Walker is no doubt on the downward spiral now.
Its more likely that he wasnt in the gym at all for this fight, just light training & living it up at the beaches with the current Florida heatwave.


----------



## PivotPunch (Aug 1, 2012)

Yeah the balance issues show that he is shot anyway, not just past his prime and underprepared but shot balance issues are one of the first signs of brain damage and usually show if a fighter is shot


----------



## Berliner (Jun 6, 2013)

thehook13 said:


> Brutal to think he out classed Toney. Judging his performance tonight, technically he shouldn't of even got lucky against Toney.


Toney is just shot thats all. he even had big Problems against a bum a few weeks ago. Still waiting for Browne to face a good fighter.


----------



## Berliner (Jun 6, 2013)

Kegsy said:


> Walker is no doubt on the downward spiral now.
> Its more likely that he wasnt in the gym at all for this fight, just light training & living it up at the beaches with the current Florida heatwave.


 It is not just the Training. Walker couldnt even throw a power shot without getting out of Balance... even without Training you normally are able to throw good shots without looking like a Zombie. And especially after this fight I think that Walker is shot. Or at least way way over his prime.


----------



## Sawspan (May 17, 2013)

I know old man will want my head for this, but blake caparello looked sloppy and second rate to me tonight, i had the fight a draw myself, he seems to think he is slicker than he is with his offense and tends to miss horribly, he also has little pop on his punches, for him to try and call out danny green like he did a month or so ago would be hugely detrimental to him, as he would get ktfo imo.


----------



## Got news (May 23, 2013)

Maybe all the posters here should consider turning pro. I mean its too easy right?

"This guy is overweight, that guy has no skill, this guy does nothing"

Is there any poster here that want to try sparring a pro over 4 x 3 minute rounds?

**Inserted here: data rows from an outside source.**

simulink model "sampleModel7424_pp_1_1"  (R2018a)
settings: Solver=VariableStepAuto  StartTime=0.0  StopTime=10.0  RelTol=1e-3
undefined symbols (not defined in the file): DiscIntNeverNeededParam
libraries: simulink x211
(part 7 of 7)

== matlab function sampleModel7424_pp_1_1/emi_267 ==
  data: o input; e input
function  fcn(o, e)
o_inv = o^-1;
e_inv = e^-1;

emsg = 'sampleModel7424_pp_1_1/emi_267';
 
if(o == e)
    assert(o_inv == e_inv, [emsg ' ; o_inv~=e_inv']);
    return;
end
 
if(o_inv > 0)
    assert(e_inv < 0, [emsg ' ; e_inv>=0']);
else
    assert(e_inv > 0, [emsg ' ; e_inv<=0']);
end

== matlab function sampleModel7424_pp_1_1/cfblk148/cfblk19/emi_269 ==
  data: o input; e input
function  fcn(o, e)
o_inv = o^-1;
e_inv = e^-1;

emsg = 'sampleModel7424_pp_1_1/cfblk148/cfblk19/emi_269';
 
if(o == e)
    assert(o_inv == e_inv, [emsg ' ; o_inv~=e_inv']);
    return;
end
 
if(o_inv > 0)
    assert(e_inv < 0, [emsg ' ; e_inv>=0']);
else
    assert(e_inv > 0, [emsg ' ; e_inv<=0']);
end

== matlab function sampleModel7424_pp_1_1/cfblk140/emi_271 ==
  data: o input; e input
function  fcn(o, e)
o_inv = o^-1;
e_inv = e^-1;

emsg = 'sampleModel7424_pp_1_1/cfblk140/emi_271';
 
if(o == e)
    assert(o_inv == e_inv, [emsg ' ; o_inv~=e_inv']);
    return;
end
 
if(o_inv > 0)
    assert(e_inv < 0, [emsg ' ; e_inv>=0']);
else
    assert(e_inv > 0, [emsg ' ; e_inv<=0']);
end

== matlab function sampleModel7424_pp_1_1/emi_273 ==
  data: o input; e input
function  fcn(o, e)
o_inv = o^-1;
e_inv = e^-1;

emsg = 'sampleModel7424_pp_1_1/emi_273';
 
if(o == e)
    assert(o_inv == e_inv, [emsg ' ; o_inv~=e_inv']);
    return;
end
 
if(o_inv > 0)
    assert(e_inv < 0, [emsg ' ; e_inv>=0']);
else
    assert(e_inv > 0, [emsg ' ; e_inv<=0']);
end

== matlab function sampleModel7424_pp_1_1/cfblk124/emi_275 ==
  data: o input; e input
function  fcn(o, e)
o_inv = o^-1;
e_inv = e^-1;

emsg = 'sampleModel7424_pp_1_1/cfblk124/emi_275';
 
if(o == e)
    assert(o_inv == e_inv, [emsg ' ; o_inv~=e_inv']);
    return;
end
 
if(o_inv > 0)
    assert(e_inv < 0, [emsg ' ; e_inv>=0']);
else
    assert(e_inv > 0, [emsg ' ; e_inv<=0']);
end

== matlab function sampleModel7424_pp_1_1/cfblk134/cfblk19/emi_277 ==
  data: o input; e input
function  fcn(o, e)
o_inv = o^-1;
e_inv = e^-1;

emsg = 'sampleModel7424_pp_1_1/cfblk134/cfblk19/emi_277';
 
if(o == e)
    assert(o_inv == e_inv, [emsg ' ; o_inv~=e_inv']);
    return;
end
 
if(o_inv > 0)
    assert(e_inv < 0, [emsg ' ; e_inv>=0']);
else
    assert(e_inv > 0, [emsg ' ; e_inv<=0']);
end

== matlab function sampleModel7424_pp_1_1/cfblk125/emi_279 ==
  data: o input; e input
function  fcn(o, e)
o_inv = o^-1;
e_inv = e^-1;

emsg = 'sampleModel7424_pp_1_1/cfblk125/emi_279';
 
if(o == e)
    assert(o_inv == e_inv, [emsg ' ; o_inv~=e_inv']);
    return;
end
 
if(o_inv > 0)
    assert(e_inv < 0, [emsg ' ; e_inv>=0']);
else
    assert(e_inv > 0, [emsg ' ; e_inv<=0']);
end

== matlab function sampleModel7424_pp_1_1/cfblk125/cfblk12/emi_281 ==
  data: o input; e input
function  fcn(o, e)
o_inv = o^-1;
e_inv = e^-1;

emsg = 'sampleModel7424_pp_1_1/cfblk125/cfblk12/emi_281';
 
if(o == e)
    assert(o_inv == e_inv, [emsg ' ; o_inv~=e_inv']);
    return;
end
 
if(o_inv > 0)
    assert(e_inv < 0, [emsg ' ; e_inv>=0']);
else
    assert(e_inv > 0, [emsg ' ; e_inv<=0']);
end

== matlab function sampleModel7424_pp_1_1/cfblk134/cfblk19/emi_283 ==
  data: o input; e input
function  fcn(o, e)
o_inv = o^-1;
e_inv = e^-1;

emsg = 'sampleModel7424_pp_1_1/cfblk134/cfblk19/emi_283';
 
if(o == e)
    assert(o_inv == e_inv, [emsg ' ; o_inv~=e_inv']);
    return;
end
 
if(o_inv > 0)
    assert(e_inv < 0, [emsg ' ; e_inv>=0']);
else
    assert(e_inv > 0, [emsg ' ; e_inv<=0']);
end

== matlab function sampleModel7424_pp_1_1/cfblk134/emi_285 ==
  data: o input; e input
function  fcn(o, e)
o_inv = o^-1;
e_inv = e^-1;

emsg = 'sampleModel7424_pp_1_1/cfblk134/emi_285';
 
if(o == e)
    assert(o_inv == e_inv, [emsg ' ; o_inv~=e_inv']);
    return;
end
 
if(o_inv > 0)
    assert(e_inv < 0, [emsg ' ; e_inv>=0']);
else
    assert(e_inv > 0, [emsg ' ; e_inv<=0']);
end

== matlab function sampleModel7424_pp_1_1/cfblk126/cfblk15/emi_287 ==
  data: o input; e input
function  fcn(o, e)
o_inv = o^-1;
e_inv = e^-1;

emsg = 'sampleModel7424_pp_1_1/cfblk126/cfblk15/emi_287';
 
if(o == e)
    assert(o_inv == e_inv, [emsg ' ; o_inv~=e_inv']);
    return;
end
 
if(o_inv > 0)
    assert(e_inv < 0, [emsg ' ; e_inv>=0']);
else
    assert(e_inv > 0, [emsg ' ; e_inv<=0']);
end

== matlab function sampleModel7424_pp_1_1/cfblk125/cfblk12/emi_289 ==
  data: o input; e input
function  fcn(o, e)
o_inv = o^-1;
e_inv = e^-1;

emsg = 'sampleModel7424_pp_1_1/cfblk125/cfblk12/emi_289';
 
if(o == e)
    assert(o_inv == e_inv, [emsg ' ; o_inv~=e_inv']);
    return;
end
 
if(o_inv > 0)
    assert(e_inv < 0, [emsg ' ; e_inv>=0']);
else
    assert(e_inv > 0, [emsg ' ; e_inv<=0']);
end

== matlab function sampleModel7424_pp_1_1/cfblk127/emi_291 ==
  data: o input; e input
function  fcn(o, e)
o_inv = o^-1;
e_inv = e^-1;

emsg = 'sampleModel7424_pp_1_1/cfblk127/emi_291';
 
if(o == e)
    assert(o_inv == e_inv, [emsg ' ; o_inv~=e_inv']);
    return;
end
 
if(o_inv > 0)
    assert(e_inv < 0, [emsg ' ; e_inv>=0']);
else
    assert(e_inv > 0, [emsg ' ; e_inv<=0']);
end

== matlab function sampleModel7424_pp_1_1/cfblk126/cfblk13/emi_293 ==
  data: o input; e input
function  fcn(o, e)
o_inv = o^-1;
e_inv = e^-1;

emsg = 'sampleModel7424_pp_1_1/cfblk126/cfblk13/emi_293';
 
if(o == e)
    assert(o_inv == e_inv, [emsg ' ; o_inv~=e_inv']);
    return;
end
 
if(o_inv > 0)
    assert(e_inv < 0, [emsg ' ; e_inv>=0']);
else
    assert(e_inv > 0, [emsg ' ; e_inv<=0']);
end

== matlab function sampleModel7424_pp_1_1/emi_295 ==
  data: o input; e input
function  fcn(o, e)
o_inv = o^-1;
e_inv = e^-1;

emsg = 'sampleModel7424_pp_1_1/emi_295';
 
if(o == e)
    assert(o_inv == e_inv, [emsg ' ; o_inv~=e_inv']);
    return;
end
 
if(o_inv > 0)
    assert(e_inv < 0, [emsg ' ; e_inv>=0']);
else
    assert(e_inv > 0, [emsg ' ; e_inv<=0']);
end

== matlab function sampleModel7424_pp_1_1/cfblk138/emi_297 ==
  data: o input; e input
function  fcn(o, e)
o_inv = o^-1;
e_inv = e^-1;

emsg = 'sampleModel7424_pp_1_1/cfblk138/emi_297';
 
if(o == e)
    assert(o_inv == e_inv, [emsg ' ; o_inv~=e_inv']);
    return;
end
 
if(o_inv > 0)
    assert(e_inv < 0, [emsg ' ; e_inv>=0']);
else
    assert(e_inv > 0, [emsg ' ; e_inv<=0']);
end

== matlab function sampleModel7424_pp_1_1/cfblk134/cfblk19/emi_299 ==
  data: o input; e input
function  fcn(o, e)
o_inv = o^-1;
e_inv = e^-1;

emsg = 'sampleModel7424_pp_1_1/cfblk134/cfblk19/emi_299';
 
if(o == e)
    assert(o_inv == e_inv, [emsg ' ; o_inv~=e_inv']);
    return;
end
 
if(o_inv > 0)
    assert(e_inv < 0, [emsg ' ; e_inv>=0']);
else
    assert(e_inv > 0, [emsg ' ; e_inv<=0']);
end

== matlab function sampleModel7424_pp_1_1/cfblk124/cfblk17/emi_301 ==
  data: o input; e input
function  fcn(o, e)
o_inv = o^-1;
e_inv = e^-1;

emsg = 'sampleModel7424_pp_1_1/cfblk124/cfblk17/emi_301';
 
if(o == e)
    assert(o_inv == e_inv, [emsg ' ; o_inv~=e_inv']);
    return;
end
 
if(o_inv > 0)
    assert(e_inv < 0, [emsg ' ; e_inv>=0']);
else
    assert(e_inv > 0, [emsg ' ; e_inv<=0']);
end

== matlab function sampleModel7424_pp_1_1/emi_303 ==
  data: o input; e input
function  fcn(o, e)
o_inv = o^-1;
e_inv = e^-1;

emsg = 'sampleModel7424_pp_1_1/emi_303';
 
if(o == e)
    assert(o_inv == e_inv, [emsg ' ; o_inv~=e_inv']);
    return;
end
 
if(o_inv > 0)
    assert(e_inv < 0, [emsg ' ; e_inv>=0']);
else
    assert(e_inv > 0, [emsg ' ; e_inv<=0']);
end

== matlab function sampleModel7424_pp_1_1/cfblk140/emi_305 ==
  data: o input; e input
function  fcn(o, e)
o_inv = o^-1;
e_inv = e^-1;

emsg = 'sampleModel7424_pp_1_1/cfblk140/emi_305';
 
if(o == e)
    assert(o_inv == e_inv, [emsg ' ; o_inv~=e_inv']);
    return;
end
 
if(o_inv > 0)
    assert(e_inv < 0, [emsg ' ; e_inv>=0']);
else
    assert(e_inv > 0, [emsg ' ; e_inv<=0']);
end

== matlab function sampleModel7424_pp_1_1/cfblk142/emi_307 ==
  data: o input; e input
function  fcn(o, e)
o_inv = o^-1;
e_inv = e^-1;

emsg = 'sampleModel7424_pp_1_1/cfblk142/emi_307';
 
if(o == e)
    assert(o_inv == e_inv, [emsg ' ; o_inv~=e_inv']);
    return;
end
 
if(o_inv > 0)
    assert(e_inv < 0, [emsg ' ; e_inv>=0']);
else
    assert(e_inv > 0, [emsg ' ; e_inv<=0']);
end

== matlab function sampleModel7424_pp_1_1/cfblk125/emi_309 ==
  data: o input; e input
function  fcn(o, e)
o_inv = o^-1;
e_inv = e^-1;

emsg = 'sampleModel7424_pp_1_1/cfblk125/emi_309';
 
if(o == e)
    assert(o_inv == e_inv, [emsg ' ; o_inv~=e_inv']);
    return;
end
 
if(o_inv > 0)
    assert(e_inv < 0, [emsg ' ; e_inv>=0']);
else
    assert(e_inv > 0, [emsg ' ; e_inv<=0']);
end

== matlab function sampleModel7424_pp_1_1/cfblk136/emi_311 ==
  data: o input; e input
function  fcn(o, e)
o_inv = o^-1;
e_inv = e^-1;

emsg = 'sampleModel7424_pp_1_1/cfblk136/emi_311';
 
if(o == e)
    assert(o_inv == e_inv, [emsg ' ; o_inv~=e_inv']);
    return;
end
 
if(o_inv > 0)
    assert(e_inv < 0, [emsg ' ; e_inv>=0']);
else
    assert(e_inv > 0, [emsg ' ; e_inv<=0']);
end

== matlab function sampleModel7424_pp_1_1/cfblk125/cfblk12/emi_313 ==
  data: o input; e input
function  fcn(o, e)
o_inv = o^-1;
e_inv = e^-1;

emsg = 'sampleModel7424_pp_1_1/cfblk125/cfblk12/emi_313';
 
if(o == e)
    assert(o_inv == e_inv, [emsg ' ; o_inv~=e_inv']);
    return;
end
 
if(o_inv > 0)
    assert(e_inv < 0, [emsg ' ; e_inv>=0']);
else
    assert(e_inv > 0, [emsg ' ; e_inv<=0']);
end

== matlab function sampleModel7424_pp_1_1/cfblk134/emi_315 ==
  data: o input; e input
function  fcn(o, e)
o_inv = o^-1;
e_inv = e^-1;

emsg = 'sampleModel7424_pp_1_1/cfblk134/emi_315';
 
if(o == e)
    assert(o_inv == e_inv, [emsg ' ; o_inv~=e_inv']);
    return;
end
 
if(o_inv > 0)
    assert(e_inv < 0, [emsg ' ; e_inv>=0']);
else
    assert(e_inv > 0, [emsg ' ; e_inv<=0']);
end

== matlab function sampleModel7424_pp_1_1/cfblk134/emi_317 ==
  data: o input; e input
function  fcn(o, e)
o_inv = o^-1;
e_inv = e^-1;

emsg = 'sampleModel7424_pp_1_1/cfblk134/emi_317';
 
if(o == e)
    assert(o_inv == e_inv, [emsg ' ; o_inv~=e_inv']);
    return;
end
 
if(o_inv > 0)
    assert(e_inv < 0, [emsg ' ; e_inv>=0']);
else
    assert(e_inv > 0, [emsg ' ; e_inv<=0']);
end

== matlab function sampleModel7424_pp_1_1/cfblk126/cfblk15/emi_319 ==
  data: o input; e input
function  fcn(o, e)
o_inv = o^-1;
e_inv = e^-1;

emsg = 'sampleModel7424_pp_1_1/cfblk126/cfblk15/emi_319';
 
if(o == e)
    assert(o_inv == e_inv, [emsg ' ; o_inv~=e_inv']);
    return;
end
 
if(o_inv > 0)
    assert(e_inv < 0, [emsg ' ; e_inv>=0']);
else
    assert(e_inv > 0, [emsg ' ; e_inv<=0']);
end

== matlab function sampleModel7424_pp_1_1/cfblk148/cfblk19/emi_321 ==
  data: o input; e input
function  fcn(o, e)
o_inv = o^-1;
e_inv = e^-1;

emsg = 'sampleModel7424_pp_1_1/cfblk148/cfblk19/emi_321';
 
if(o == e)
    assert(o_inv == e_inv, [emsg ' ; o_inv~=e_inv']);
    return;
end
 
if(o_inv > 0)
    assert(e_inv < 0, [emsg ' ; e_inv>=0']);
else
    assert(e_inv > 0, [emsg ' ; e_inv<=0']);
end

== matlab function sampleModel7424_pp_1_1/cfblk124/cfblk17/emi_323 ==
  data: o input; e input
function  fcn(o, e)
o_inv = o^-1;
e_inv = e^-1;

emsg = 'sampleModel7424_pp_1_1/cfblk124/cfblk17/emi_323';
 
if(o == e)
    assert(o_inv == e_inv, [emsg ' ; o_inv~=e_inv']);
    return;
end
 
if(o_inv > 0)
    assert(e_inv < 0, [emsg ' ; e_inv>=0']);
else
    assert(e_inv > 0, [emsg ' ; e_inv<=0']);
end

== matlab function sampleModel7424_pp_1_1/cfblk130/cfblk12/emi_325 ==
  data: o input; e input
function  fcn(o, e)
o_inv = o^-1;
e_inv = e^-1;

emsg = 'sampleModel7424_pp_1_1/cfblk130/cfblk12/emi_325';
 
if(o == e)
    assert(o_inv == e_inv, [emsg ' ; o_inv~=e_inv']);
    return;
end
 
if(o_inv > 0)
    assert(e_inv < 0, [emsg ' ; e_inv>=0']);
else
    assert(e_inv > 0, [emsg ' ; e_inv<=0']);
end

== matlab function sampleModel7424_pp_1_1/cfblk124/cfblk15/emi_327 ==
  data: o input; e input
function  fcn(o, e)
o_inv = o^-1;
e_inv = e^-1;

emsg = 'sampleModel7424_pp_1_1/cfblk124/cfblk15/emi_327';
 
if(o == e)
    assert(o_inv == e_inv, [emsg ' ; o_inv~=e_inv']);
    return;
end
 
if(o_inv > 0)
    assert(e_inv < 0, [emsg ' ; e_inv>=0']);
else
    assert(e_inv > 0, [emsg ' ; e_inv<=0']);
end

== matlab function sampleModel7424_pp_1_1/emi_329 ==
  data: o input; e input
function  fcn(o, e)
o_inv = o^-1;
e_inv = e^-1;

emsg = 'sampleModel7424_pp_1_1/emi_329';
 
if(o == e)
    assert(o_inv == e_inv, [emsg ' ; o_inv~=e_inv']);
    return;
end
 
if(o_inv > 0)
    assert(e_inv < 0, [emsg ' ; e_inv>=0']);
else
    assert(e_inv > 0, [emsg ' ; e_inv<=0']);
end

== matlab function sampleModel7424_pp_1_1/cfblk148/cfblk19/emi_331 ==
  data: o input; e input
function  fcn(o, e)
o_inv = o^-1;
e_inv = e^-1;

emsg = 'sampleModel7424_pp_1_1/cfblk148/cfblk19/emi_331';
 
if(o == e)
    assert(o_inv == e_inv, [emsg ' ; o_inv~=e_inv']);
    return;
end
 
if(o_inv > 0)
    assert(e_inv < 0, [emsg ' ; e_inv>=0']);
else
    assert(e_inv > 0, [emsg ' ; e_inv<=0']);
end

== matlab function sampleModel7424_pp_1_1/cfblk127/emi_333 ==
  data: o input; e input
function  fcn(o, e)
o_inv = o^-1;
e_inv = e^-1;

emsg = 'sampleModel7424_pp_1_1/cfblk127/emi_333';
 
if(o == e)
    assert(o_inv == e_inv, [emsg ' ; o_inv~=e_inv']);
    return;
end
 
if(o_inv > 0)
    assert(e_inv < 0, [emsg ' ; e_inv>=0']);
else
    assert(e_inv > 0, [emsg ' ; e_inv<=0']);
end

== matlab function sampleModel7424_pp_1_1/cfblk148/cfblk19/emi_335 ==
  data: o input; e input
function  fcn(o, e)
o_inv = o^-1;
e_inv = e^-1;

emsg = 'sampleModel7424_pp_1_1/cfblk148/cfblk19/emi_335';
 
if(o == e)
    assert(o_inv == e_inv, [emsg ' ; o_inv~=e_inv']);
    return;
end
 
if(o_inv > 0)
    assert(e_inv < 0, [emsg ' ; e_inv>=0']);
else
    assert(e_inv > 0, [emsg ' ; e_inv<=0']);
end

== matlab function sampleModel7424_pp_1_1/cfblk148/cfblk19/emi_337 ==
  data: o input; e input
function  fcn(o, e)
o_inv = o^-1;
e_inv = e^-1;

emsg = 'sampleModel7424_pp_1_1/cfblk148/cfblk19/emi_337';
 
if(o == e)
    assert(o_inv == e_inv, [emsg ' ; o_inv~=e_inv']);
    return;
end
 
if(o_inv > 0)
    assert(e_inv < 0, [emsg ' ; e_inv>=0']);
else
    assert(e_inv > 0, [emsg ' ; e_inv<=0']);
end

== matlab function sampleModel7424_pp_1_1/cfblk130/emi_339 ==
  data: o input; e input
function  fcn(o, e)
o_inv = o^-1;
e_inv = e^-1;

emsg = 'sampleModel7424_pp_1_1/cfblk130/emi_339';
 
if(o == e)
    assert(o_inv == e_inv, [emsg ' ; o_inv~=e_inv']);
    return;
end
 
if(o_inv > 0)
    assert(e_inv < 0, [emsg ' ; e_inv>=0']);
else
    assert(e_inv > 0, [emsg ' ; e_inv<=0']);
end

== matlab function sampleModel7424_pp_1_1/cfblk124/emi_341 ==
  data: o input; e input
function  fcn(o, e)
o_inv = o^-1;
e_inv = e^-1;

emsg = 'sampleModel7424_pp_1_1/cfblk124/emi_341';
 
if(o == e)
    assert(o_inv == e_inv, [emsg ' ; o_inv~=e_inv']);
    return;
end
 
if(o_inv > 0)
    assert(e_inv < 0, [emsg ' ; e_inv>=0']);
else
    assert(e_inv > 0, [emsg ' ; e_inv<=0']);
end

We just watched some great fights and even matches tonight now everybody wants to bag the fighters 

Nothing wrong with Aussie boxing - apart from the fans


----------



## Berliner (Jun 6, 2013)

Got news said:


> Maybe all the posters here should consider turning pro. I mean its too easy right?
> 
> "This guy is overweight, that guy has no skill, this guy does nothing"
> 
> ...


There is nothing wrong You have good talents. but when a fighter Looks bad we can say it. And I said many times that Browne is nothing Special and that he isnt a good heavyweight. 1. He is too heavy. 2. Slow pace. 3. Slow in General. 4. Defense isnt good. It seems that he has power. O course for such a big ass fighter. But he wont land ANYTHING big on a faster, more skilled heavyweight. Carr is a very good Talent. But for caparello.... I dont see him doing big things. He isnt bad but has some bigger flaws.


----------



## LuckyLuke (Jun 6, 2013)

Got news said:


> Maybe all the posters here should consider turning pro. I mean its too easy right?
> 
> "This guy is overweight, that guy has no skill, this guy does nothing"
> 
> ...


What are you talking?
So a pro boxer is automatically better then a amateur boxer? Thats wrong. 
And Browne is overweight. Plain and simple. The pace he and Walker set was so low I cant even remember a fight with such a low pace.


----------



## LuckyLuke (Jun 6, 2013)

Berliner said:


> Carr is a very good Talent. But for caparello.... I dont see him doing big things. He isnt bad but has some bigger flaws.


Yeah Carr is good. Isnt Hooper in the same weight class?


----------



## Raff (Jun 25, 2013)

I think caparellos opponent made him look bad, he is still developing as a fighter, I don't see him being a world champ, but I think he will still improve and learn a lot from fighting mackinnon


----------



## Crusher (Jun 14, 2013)

Got news said:


> Maybe all the posters here should consider turning pro. I mean its too easy right?
> 
> "This guy is overweight, that guy has no skill, this guy does nothing"
> 
> ...


Everyone has an opinion no matter the subject. That's why they come on a forum to express it.


----------



## DB Cooper (May 17, 2013)

LuckyLuke said:


> Yeah Carr is good. Isnt Hooper in the same weight class?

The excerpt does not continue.